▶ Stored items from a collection
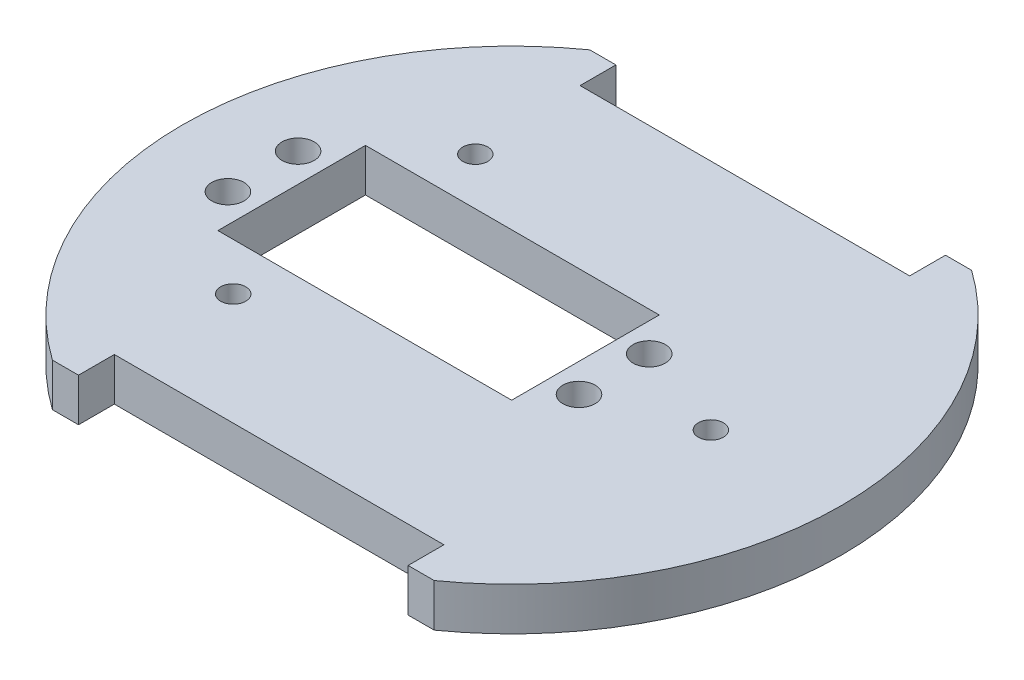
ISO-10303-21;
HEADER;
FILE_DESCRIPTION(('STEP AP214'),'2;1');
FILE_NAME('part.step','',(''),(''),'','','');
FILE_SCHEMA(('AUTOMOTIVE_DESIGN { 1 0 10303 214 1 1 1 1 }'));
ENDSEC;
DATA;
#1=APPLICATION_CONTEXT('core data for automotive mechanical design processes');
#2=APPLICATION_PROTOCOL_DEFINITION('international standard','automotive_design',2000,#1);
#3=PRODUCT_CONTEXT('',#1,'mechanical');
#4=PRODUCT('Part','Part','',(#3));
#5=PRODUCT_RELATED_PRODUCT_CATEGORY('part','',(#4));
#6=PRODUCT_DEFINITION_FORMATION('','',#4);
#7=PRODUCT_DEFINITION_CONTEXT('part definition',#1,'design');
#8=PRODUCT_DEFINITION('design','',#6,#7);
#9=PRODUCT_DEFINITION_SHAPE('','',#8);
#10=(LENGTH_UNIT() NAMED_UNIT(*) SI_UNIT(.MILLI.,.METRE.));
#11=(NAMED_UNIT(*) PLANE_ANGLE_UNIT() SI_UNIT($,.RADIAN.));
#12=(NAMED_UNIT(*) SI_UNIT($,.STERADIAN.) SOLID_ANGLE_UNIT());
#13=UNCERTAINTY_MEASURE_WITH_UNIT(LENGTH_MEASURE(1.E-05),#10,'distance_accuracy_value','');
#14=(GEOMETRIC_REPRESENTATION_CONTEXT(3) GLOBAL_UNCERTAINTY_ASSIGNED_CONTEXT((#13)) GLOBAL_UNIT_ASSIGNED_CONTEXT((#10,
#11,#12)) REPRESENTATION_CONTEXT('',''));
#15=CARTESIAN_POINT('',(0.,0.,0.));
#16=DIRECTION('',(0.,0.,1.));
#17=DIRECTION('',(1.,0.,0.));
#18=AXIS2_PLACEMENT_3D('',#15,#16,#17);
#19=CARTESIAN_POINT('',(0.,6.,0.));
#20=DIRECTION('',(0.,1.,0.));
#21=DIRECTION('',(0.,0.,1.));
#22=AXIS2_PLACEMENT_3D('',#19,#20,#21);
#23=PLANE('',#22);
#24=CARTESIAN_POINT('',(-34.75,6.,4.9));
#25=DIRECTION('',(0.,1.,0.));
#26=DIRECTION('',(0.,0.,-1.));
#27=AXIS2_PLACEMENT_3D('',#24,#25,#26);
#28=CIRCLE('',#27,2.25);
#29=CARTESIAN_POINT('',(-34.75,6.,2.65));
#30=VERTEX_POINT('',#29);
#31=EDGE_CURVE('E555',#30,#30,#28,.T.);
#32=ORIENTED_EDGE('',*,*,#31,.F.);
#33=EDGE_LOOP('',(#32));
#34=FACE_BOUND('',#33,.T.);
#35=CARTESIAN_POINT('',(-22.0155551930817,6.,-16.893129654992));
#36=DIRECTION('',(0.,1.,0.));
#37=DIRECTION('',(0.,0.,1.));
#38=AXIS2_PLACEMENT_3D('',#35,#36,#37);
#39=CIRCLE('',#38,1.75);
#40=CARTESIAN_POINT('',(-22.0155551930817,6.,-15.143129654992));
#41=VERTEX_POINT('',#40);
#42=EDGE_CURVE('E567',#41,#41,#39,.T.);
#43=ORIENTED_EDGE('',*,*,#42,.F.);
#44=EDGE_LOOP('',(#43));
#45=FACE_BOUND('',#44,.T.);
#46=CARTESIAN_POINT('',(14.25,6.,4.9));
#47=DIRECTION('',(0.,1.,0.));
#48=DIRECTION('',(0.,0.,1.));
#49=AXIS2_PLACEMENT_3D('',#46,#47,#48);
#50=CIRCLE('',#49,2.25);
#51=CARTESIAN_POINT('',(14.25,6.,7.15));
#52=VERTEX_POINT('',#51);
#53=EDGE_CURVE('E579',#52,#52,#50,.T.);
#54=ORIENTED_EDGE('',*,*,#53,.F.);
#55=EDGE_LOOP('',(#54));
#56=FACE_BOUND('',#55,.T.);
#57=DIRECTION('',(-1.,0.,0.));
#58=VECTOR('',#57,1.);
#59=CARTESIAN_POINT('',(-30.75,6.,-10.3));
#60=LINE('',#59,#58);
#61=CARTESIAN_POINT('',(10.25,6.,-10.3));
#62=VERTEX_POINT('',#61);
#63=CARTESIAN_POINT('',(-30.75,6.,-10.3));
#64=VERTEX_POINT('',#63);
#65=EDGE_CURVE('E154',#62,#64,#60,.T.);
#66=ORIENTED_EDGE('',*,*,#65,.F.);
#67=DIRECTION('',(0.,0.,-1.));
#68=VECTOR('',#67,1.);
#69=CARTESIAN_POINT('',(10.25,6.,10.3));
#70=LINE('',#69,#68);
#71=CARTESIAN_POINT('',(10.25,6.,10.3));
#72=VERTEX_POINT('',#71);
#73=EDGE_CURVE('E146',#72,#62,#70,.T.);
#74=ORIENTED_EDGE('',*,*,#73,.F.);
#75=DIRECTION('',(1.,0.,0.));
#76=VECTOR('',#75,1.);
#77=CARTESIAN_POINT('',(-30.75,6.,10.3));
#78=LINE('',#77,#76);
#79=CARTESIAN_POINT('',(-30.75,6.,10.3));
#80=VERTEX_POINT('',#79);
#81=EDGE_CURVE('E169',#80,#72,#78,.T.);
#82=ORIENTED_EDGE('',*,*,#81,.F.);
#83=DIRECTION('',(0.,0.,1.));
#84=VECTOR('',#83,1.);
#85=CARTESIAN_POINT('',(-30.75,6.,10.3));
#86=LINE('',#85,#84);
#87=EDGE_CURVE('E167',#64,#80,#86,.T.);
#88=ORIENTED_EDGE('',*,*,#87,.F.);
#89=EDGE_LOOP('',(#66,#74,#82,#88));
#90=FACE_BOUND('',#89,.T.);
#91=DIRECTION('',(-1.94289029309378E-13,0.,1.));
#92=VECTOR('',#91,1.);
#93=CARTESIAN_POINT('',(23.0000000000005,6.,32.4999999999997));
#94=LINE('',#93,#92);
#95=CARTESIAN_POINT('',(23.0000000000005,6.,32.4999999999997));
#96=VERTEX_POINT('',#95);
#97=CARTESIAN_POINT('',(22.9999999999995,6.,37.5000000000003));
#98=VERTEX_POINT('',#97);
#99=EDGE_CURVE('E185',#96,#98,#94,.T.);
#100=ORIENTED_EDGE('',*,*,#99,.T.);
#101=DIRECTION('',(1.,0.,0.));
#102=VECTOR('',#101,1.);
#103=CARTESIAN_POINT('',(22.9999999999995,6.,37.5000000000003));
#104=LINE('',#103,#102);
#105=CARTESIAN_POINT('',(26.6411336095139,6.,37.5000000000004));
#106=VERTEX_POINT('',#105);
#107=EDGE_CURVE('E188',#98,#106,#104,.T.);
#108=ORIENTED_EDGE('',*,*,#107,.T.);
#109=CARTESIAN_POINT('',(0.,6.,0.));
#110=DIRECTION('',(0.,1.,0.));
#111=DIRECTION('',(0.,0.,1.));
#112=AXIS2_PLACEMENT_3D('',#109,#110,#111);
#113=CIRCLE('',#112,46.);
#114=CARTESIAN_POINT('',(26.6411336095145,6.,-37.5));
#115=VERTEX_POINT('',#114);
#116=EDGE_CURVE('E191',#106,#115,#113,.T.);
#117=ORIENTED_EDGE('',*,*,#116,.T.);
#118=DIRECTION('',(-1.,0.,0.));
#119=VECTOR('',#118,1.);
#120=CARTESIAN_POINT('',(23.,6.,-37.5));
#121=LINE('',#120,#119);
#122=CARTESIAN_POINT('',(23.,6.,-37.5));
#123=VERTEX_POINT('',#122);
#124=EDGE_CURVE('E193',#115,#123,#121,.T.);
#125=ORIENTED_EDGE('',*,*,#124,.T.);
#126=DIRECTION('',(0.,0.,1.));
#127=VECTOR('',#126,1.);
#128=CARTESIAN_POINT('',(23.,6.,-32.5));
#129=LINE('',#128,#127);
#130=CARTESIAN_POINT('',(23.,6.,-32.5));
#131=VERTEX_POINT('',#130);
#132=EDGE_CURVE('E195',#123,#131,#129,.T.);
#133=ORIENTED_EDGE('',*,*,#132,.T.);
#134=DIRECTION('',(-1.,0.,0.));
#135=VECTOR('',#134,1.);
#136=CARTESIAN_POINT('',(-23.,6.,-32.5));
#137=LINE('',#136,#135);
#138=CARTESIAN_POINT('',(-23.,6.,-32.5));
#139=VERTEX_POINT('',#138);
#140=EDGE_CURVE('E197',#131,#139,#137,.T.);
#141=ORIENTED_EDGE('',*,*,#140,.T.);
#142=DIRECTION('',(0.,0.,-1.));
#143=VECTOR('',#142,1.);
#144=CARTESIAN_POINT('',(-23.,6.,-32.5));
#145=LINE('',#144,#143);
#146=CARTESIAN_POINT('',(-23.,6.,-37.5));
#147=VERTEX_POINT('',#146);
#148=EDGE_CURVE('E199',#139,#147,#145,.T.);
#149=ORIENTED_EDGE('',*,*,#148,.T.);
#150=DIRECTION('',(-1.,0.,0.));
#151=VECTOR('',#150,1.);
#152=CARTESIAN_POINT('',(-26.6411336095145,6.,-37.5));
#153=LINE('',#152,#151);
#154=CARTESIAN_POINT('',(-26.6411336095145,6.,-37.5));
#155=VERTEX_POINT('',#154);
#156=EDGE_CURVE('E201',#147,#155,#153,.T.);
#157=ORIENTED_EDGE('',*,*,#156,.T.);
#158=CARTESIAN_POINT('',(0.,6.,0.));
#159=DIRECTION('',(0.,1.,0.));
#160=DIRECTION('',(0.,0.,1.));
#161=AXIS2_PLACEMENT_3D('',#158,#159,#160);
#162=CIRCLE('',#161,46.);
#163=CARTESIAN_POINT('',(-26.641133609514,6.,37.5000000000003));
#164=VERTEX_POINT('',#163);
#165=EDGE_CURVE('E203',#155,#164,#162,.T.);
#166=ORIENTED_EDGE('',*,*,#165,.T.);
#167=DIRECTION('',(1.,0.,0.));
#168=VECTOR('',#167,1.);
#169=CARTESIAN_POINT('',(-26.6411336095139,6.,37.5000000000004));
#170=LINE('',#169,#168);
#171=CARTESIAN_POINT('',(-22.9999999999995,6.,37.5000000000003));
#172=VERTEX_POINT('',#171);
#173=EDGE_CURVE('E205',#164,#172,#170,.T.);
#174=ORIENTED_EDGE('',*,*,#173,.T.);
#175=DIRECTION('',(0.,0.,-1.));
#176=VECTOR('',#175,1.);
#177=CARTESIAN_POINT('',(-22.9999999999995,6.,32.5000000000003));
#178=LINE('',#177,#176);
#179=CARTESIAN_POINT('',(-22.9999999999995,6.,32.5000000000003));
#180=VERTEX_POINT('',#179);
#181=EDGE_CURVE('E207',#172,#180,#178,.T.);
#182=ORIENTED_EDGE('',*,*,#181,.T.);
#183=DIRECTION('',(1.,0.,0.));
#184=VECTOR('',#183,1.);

▶ Task instructions
Of the lines above, extract only those from the line with "#156=EDGE_CURVE('E201',#147,#155,#153,.T.);" to the line with "#180=VERTEX_POINT('',#179);", both included, exactly as written.

▶ Response to the exercise
#156=EDGE_CURVE('E201',#147,#155,#153,.T.);
#157=ORIENTED_EDGE('',*,*,#156,.T.);
#158=CARTESIAN_POINT('',(0.,6.,0.));
#159=DIRECTION('',(0.,1.,0.));
#160=DIRECTION('',(0.,0.,1.));
#161=AXIS2_PLACEMENT_3D('',#158,#159,#160);
#162=CIRCLE('',#161,46.);
#163=CARTESIAN_POINT('',(-26.641133609514,6.,37.5000000000003));
#164=VERTEX_POINT('',#163);
#165=EDGE_CURVE('E203',#155,#164,#162,.T.);
#166=ORIENTED_EDGE('',*,*,#165,.T.);
#167=DIRECTION('',(1.,0.,0.));
#168=VECTOR('',#167,1.);
#169=CARTESIAN_POINT('',(-26.6411336095139,6.,37.5000000000004));
#170=LINE('',#169,#168);
#171=CARTESIAN_POINT('',(-22.9999999999995,6.,37.5000000000003));
#172=VERTEX_POINT('',#171);
#173=EDGE_CURVE('E205',#164,#172,#170,.T.);
#174=ORIENTED_EDGE('',*,*,#173,.T.);
#175=DIRECTION('',(0.,0.,-1.));
#176=VECTOR('',#175,1.);
#177=CARTESIAN_POINT('',(-22.9999999999995,6.,32.5000000000003));
#178=LINE('',#177,#176);
#179=CARTESIAN_POINT('',(-22.9999999999995,6.,32.5000000000003));
#180=VERTEX_POINT('',#179);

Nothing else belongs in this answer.